- AIM OF THE EXERCISE: Gather all lines in the entries below that include the word "assign".

Dataset excerpts:
-- Opening Marker --

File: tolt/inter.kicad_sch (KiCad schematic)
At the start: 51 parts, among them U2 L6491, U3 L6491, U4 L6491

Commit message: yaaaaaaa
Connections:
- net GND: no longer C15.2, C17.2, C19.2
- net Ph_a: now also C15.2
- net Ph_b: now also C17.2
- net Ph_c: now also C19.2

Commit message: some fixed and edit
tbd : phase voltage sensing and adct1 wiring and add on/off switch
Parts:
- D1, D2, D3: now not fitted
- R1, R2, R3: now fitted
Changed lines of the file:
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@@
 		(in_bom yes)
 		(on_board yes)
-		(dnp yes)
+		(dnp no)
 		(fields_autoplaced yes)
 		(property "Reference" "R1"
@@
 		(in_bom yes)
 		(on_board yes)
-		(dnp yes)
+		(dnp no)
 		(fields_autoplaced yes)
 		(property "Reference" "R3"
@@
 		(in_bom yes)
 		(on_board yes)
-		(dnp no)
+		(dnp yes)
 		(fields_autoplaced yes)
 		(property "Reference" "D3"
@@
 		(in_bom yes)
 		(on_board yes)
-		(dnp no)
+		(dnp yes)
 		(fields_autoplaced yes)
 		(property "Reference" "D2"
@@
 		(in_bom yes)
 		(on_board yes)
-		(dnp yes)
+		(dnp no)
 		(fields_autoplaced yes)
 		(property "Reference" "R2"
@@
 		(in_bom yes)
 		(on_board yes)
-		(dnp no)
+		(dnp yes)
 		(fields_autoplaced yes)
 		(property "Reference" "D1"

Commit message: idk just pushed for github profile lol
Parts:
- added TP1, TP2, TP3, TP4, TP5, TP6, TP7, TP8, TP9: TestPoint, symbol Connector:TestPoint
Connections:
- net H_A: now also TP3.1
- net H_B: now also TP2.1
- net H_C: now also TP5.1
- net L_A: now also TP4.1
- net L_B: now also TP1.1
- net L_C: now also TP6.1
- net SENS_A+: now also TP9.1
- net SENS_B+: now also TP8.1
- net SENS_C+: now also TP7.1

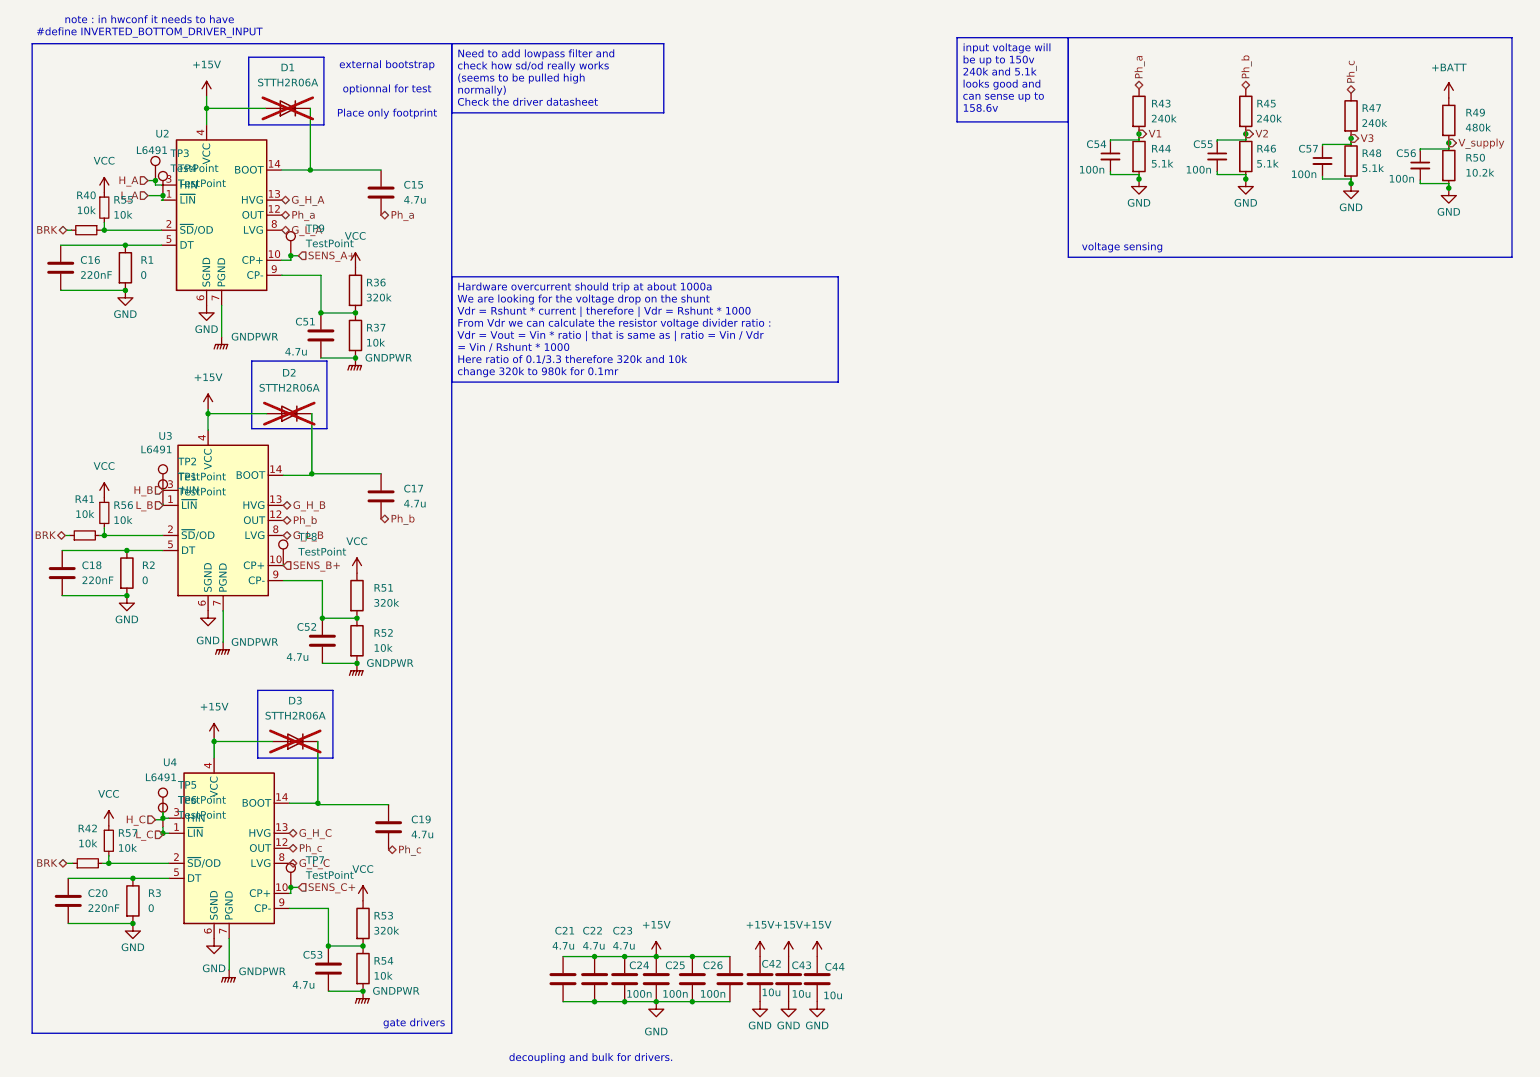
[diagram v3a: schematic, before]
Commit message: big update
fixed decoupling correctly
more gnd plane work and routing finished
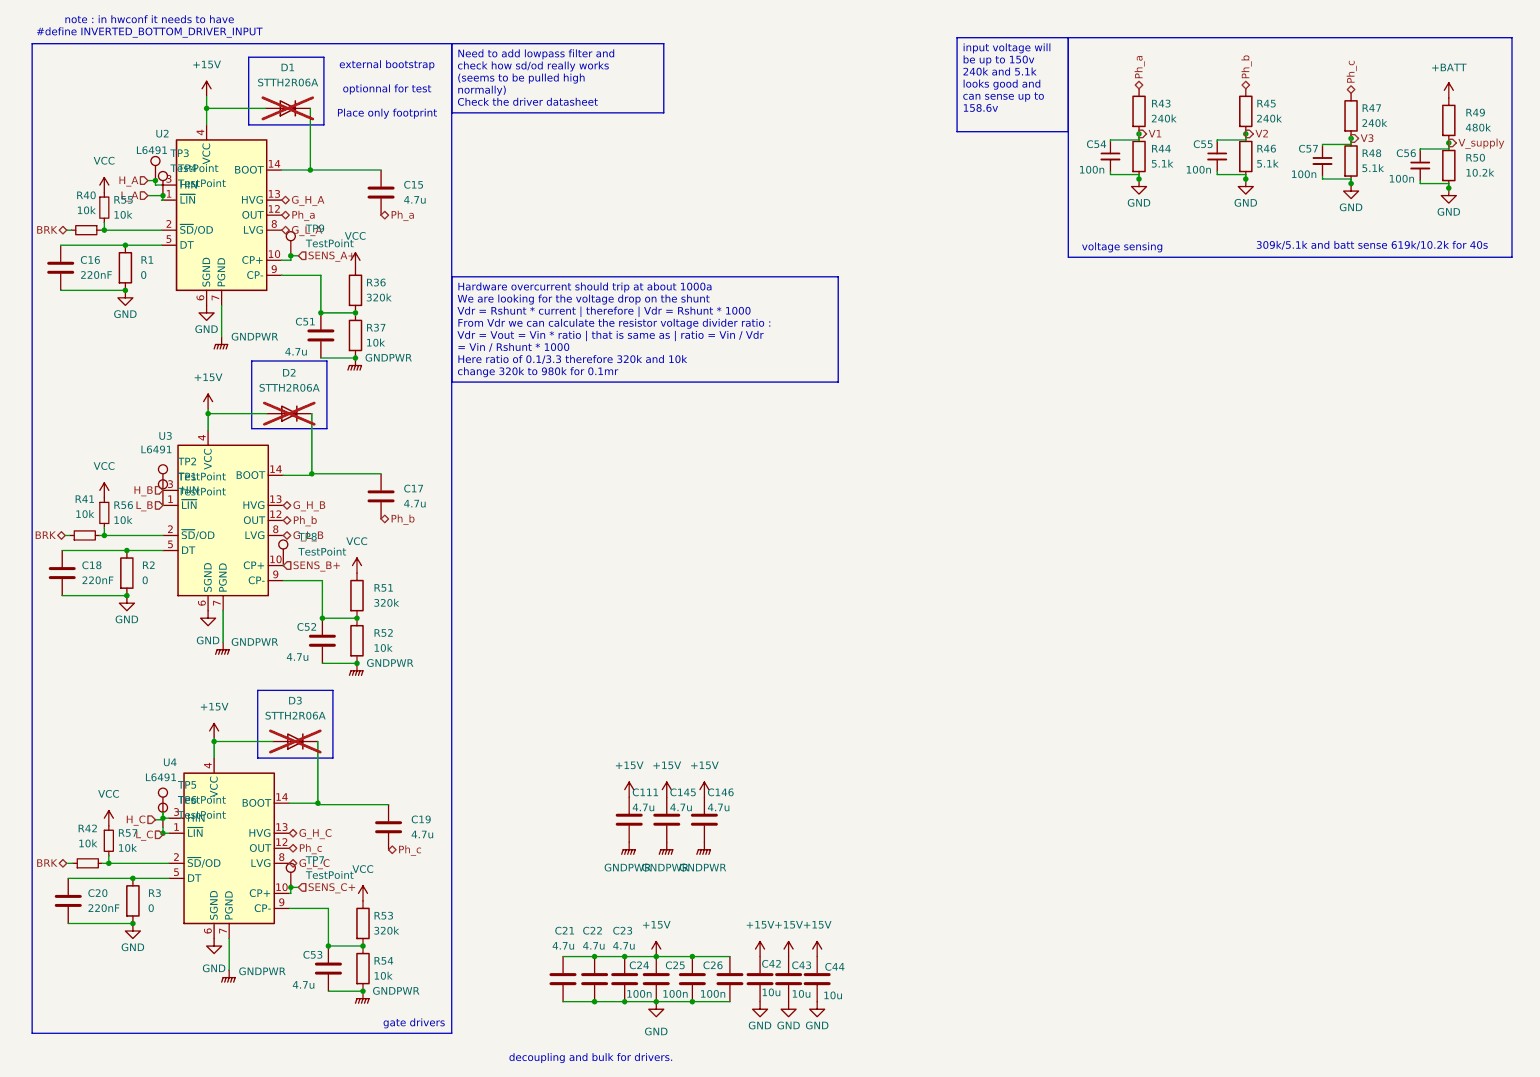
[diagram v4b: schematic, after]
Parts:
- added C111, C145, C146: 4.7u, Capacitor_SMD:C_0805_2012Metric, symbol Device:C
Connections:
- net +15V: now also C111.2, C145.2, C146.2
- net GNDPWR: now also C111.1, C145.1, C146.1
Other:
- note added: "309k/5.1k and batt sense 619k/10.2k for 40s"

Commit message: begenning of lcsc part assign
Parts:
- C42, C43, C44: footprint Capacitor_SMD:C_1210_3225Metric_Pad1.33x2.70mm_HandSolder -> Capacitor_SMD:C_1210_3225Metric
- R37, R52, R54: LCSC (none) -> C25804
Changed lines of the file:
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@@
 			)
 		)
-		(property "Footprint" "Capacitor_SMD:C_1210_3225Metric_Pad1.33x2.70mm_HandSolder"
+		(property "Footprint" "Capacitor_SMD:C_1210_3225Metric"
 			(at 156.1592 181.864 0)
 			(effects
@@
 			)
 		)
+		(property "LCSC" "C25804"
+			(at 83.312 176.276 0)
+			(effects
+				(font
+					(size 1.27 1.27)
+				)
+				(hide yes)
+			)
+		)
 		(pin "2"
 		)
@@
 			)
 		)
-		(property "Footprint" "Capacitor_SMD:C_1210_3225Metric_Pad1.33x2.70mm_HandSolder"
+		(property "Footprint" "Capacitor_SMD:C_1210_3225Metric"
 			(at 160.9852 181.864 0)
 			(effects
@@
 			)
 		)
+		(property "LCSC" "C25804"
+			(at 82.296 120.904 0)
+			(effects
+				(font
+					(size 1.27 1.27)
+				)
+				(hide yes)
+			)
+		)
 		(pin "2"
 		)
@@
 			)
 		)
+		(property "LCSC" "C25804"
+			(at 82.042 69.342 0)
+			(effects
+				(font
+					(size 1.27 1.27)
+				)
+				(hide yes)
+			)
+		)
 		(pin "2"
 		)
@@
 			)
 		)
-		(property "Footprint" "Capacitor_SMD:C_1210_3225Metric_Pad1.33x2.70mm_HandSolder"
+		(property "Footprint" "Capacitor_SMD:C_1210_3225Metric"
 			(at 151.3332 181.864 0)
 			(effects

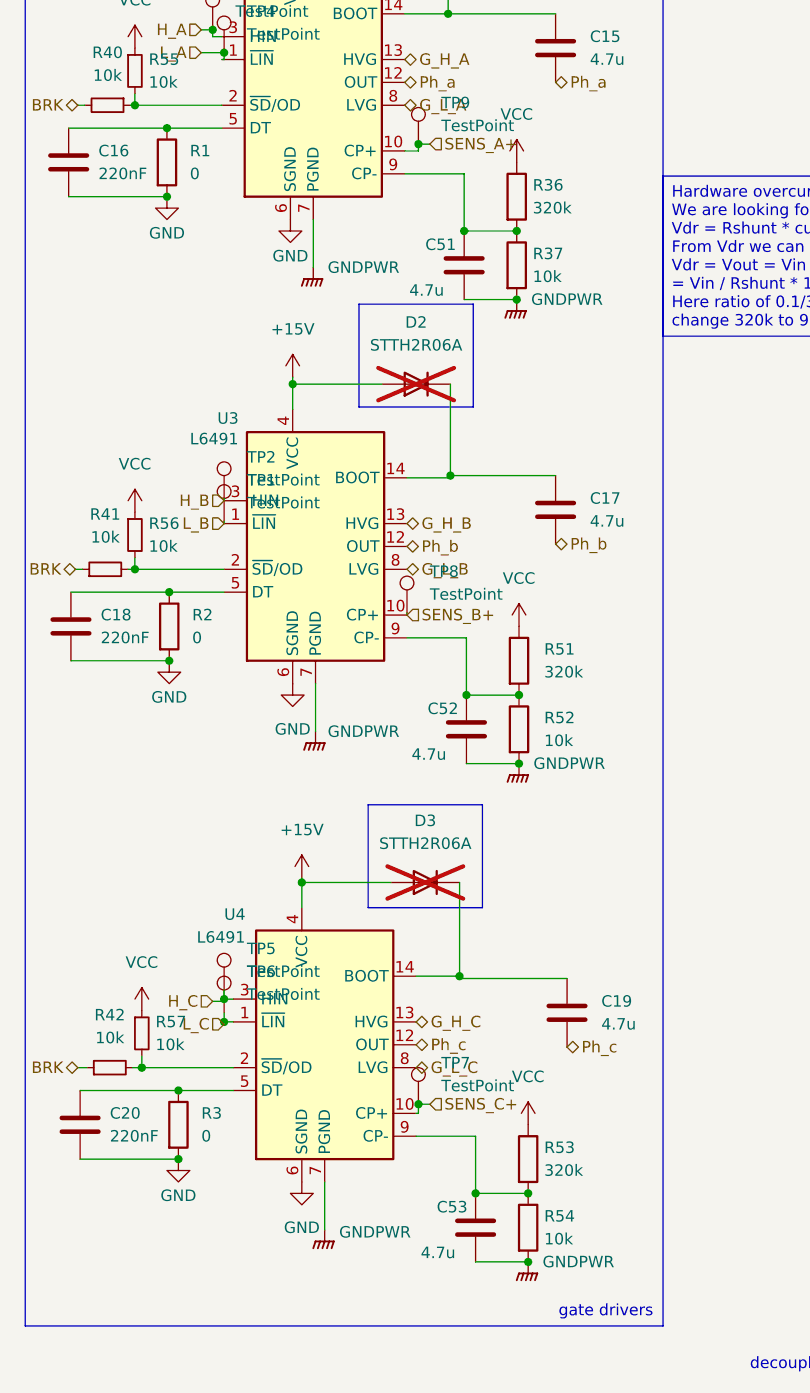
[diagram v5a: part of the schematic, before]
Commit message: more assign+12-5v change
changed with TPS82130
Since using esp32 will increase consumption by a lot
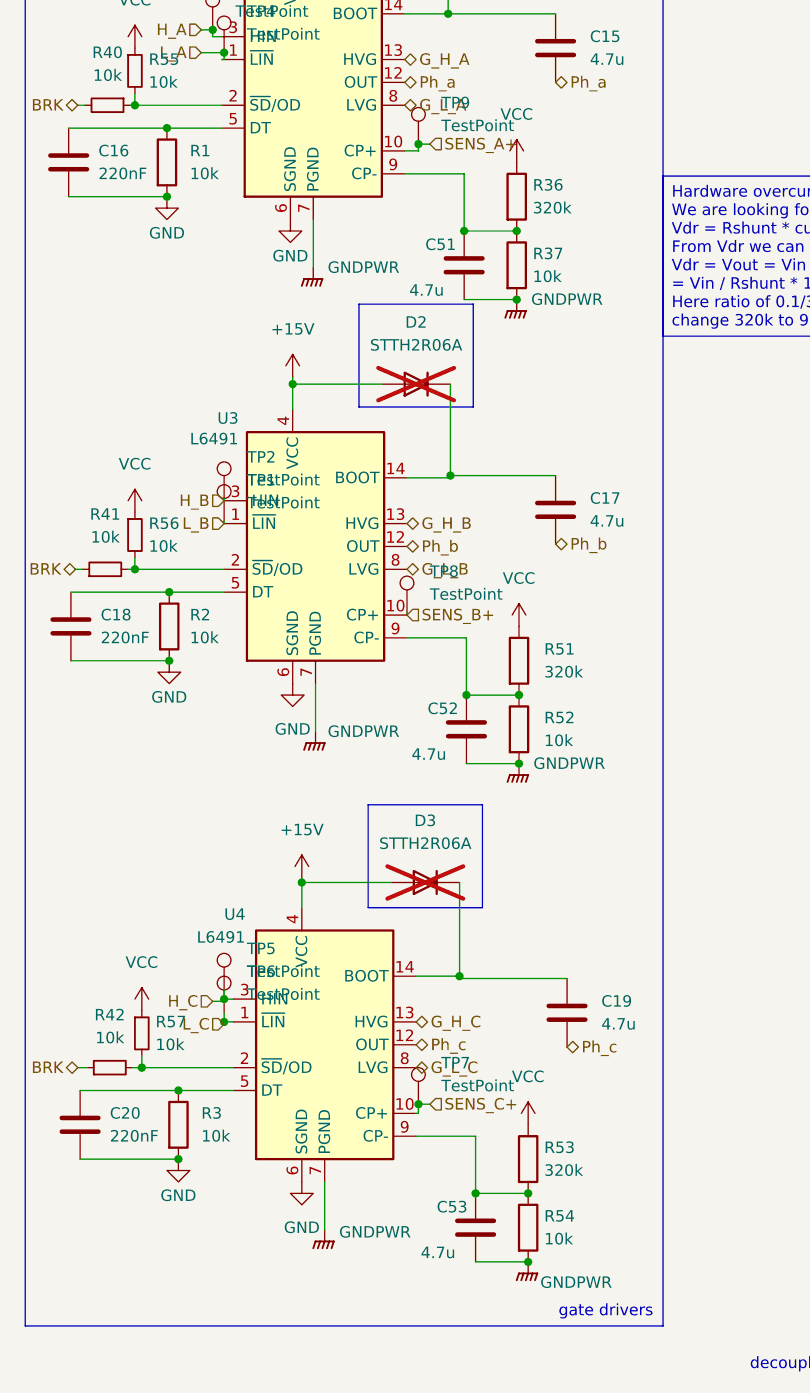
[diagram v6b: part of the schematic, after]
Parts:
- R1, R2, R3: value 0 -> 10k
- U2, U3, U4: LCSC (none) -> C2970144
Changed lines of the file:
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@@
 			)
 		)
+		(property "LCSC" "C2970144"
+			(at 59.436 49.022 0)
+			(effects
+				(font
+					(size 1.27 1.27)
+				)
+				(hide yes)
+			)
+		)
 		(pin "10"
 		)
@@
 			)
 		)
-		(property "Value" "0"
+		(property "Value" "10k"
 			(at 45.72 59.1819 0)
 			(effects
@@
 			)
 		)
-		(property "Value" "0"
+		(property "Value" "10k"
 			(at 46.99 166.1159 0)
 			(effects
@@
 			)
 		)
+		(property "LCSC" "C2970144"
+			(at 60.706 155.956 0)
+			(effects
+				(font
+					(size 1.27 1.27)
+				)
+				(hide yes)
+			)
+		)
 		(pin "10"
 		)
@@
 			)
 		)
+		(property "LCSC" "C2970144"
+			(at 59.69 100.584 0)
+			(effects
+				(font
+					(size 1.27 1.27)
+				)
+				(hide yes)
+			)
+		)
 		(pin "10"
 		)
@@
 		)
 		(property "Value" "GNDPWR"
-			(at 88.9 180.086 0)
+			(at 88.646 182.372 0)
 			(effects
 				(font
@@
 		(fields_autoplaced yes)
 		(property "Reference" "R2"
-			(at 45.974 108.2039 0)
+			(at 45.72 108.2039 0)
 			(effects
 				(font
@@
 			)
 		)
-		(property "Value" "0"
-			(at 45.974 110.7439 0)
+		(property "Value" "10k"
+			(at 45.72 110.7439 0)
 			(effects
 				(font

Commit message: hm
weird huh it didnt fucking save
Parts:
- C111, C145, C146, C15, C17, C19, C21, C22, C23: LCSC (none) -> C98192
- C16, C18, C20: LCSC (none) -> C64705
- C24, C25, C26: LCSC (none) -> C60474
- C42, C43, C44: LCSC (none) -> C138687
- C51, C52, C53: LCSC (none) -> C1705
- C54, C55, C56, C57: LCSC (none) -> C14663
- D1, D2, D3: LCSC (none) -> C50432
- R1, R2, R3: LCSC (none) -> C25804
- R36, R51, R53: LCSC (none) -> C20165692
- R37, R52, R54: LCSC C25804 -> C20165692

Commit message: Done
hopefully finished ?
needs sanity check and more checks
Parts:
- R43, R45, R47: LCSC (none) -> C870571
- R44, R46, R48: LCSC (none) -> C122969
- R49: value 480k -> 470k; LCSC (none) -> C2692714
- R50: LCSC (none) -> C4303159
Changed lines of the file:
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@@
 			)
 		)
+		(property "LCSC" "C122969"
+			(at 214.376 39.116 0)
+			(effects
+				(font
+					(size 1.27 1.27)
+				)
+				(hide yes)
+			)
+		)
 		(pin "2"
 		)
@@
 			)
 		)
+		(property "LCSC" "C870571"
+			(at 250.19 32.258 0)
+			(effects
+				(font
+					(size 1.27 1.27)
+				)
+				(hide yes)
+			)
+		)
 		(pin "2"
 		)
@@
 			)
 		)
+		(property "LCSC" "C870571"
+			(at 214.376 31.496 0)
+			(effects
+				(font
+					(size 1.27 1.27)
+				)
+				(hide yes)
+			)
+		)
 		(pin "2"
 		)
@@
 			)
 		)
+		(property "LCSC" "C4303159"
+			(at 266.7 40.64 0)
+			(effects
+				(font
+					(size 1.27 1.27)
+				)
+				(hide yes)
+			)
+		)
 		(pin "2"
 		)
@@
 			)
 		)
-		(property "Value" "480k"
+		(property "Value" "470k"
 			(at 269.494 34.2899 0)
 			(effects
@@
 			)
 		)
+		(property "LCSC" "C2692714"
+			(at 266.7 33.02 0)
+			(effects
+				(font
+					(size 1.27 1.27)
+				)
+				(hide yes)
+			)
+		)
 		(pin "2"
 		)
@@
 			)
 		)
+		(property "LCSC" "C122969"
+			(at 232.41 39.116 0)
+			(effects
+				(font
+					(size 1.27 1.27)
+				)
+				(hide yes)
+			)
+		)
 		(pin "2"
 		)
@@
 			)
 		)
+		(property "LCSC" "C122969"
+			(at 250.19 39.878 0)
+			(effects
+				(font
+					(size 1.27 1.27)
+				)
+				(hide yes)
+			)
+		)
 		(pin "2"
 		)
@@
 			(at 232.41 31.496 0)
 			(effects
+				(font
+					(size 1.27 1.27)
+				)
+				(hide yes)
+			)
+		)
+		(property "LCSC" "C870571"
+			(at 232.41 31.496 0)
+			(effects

-- Closing Marker --

- RESULT:
Commit message: begenning of lcsc part assign
Commit message: more assign+12-5v change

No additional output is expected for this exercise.